▶ **HOW TO COMPLETE THIS TASK**
Return every line from the records below with the string "Vigas".

▶ **Stored items**
----

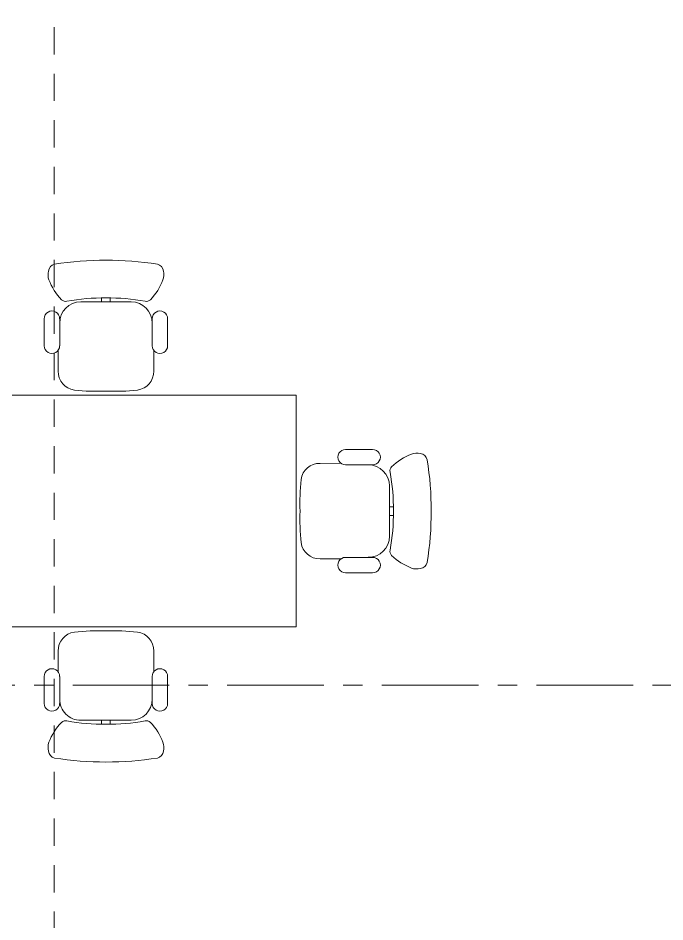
# Model space of a CAD drawing. Header units: inches. Extents: x -38 to 5698, y -33 to 92.
# Drawn here: x 201.384 to 204.731, y 33.181 to 37.862 of the extents above; entities that cross this region are included whole.
import ezdxf

# ---------------------------------------------------------------- set-up
doc = ezdxf.new("R2010")
doc.units = ezdxf.units.IN
doc.header["$MEASUREMENT"] = 0
doc.linetypes.add('Hidden Line', pattern=[0.195611, 0.141111, -0.0545])
doc.linetypes.add('Punto & Raya', pattern=[0.65, 0.5, -0.075, 0, -0.075])
for name, color, linetype in [('02 _ ARQ _ ALB _ Mobiliario', 7, 'Continuous'), ('08 _ STR _ EXT _ 09 Vigas', 7, 'Continuous'), ('Marcador - Secciones', 251, 'Continuous')]:
    doc.layers.add(name, color=color, linetype=linetype)

msp = doc.modelspace()

# ---------------------------------------------------------------- linework, layer by layer
at = {"layer": '02 _ ARQ _ ALB _ Mobiliario', "color": 175, "linetype": 'Continuous', "lineweight": 13}
for p, q in [((201.7084, 36.3926), (201.8388, 36.3926)), ((201.8161, 36.3926), (201.8165, 36.4131)), ((201.9692, 36.3926), (201.8388, 36.3926)), ((201.8614, 36.3926), (201.8611, 36.4131)), ((201.5194, 36.1654), (201.5194, 36.3055)), ((201.5993, 36.1654), (201.5993, 36.3058)), ((202.0783, 36.1654), (202.0783, 36.3058)), ((202.1581, 36.1654), (202.1581, 36.3055)), ((201.5916, 36.0338), (201.5911, 36.1411)), ((202.0859, 36.0338), (202.0865, 36.1411)), ((203.0786, 35.6284), (203.2188, 35.6284)), ((202.9471, 35.5562), (203.0543, 35.5568)), ((203.0786, 35.5486), (203.219, 35.5486)), ((203.3059, 35.4394), (203.3059, 35.3091)), ((203.3059, 35.3317), (203.3264, 35.3313)), ((203.3059, 35.1787), (203.3059, 35.3091)), ((203.3059, 35.2864), (203.3264, 35.2868)), ((203.0786, 35.0695), (203.219, 35.0695)), ((202.9471, 35.0619), (203.0543, 35.0614)), ((203.0786, 34.9897), (203.2188, 34.9897)), ((201.5916, 34.5843), (201.5911, 34.4771)), ((202.0859, 34.5843), (202.0865, 34.4771)), ((201.5194, 34.4528), (201.5194, 34.3126)), ((201.5993, 34.4528), (201.5993, 34.3124)), ((202.0783, 34.4528), (202.0783, 34.3124)), ((202.1581, 34.4528), (202.1581, 34.3126)), ((201.7084, 34.2255), (201.8388, 34.2255)), ((201.8161, 34.2255), (201.8165, 34.205)), ((201.9692, 34.2255), (201.8388, 34.2255)), ((201.8614, 34.2255), (201.8611, 34.205))]:
    msp.add_line(p, q, dxfattribs=at)
at = {"layer": '02 _ ARQ _ ALB _ Mobiliario', "color": 175, "linetype": 'Continuous', "lineweight": 13, "flags": 128}
msp.add_lwpolyline([(202.8223, 35.9091), (198.4223, 35.9091), (198.4223, 34.7091), (202.8223, 34.7091)], close=True, dxfattribs=at)
at = {"layer": '02 _ ARQ _ ALB _ Mobiliario', "color": 175, "linetype": 'Continuous', "lineweight": 13}
for centre, major_axis, start_param, end_param in [((201.8384, 34.8954), (0, 1.7134), 6.282956, 6.439399), ((201.8392, 34.8954), (0, 1.7134), 6.126972, 6.283414), ((201.5827, 36.5472), (0, 0.0419), 0.242579, 1.449866), ((202.0949, 36.5472), (0, 0.0419), 4.833319, 6.040606), ((201.613, 36.5335), (0, 0.0744), 1.316199, 1.942315), ((202.0646, 36.5335), (0, 0.0744), 4.340871, 4.966987), ((201.8137, 36.6071), (0, 0.2887), 1.926573, 2.351051), ((201.8639, 36.6071), (0, 0.2887), 3.932134, 4.356613), ((201.7084, 36.2831), (0, 0.1095), 0, 1.570796), ((201.6298, 36.4238), (0, 0.0287), 2.3326, 3.380474), ((201.8329, 35.2916), (0, 1.1218), 6.277925, 6.459683), ((201.8447, 35.2916), (0, 1.1218), 6.106688, 6.288446), ((201.9692, 36.2831), (0, 0.1095), 4.712389, 6.283185), ((202.0478, 36.4238), (0, 0.0287), 2.902712, 3.950586), ((201.5593, 36.3055), (0, 0.04), 4.712389, 7.853982), ((202.1182, 36.3055), (0, 0.04), 4.712389, 7.853982), ((201.5593, 36.1654), (0, 0.04), 1.570796, 4.712389), ((202.1182, 36.1654), (0, 0.04), 1.570796, 4.712389), ((201.6883, 36.0317), (0, 0.097), 1.549364, 3.007057), ((201.9893, 36.0317), (0, 0.097), 3.276129, 4.733821), ((201.7981, 37.1456), (0, 1.2162), 3.040183, 3.175182), ((201.8795, 37.1456), (0, 1.2162), 3.108003, 3.243002), ((203.0786, 35.5885), (0.04, 0), 1.570796, 4.712389), ((203.2188, 35.5885), (0.04, 0), 4.712389, 7.853982), ((203.5203, 35.3342), (0.2887, 0), 1.926573, 2.351051), ((203.4468, 35.5349), (0.0744, 0), 1.316199, 1.942315), ((203.4604, 35.5651), (0.0419, 0), 0.242579, 1.449866), ((202.945, 35.4596), (0.097, 0), 1.549364, 3.007057), ((203.1964, 35.4394), (0.1095, 0), 0, 1.570796), ((203.337, 35.5181), (0.0287, 0), 2.3326, 3.380474), ((201.8087, 35.3095), (1.7134, 0), 6.282956, 6.439399), ((202.2048, 35.315), (1.1218, 0), 6.277925, 6.459683), ((204.0589, 35.3498), (1.2162, 0), 3.040183, 3.175182), ((204.0589, 35.2684), (1.2162, 0), 3.108003, 3.243002), ((202.2048, 35.3032), (1.1218, 0), 6.106688, 6.288446), ((201.8087, 35.3087), (1.7134, 0), 6.126972, 6.283414), ((203.1964, 35.1787), (0.1095, 0), 4.712389, 6.283185), ((202.945, 35.1586), (0.097, 0), 3.276129, 4.733821), ((203.0786, 35.0296), (0.04, 0), 1.570796, 4.712389), ((203.2188, 35.0296), (0.04, 0), 4.712389, 7.853982), ((203.337, 35.1001), (0.0287, 0), 2.902712, 3.950586), ((203.5203, 35.284), (0.2887, 0), 3.932134, 4.356613), ((203.4604, 35.053), (0.0419, 0), 4.833319, 6.040606), ((203.4468, 35.0832), (0.0744, 0), 4.340871, 4.966987), ((201.7981, 33.4725), (0, 1.2162), 6.249596, 6.384595), ((201.8795, 33.4725), (0, 1.2162), 6.181776, 6.316775), ((201.6883, 34.5864), (0, 0.097), 0.134536, 1.592229), ((201.9893, 34.5864), (0, 0.097), 4.690957, 6.148649), ((201.5593, 34.4528), (0, 0.04), 4.712389, 7.853982), ((202.1182, 34.4528), (0, 0.04), 4.712389, 7.853982), ((201.7084, 34.335), (0, 0.1095), 1.570796, 3.141593), ((201.9692, 34.335), (0, 0.1095), 3.141593, 4.712389), ((201.5593, 34.3126), (0, 0.04), 1.570796, 4.712389), ((202.1182, 34.3126), (0, 0.04), 1.570796, 4.712389), ((201.6298, 34.1944), (0, 0.0287), 6.044304, 7.092178), ((201.8329, 35.3266), (0, 1.1218), 2.965095, 3.146853), ((201.8447, 35.3266), (0, 1.1218), 3.136332, 3.31809), ((202.0478, 34.1944), (0, 0.0287), 5.474192, 6.522066), ((201.8137, 34.011), (0, 0.2887), 0.790542, 1.21502), ((201.8639, 34.011), (0, 0.2887), 5.068165, 5.492644), ((201.613, 34.0846), (0, 0.0744), 1.199278, 1.825394), ((202.0646, 34.0846), (0, 0.0744), 4.457791, 5.083907), ((201.5827, 34.0709), (0, 0.0419), 1.691727, 2.899013), ((202.0949, 34.0709), (0, 0.0419), 3.384172, 4.591459), ((201.8384, 35.7227), (0, 1.7134), 2.985379, 3.141822), ((201.8392, 35.7227), (0, 1.7134), 3.141364, 3.297806)]:
    msp.add_ellipse(centre, major_axis=major_axis, ratio=0.996858, start_param=start_param, end_param=end_param, dxfattribs=at)
at = {"layer": '08 _ STR _ EXT _ 09 Vigas', "color": 251, "linetype": 'Hidden Line', "lineweight": 13}
msp.add_line((201.57, 30.2), (201.57, 39.4), dxfattribs=at)
at = {"layer": 'Marcador - Secciones', "color": 251, "linetype": 'Punto & Raya', "lineweight": 13}
msp.add_line((189.6667, 34.4067), (240.9403, 34.4067), dxfattribs=at)

doc.saveas('drawing.dxf')

----

▶ **SOLUTION FOR THIS PROBLEM**
for name, color, linetype in [('02 _ ARQ _ ALB _ Mobiliario', 7, 'Continuous'), ('08 _ STR _ EXT _ 09 Vigas', 7, 'Continuous'), ('Marcador - Secciones', 251, 'Continuous')]:
at = {"layer": '08 _ STR _ EXT _ 09 Vigas', "color": 251, "linetype": 'Hidden Line', "lineweight": 13}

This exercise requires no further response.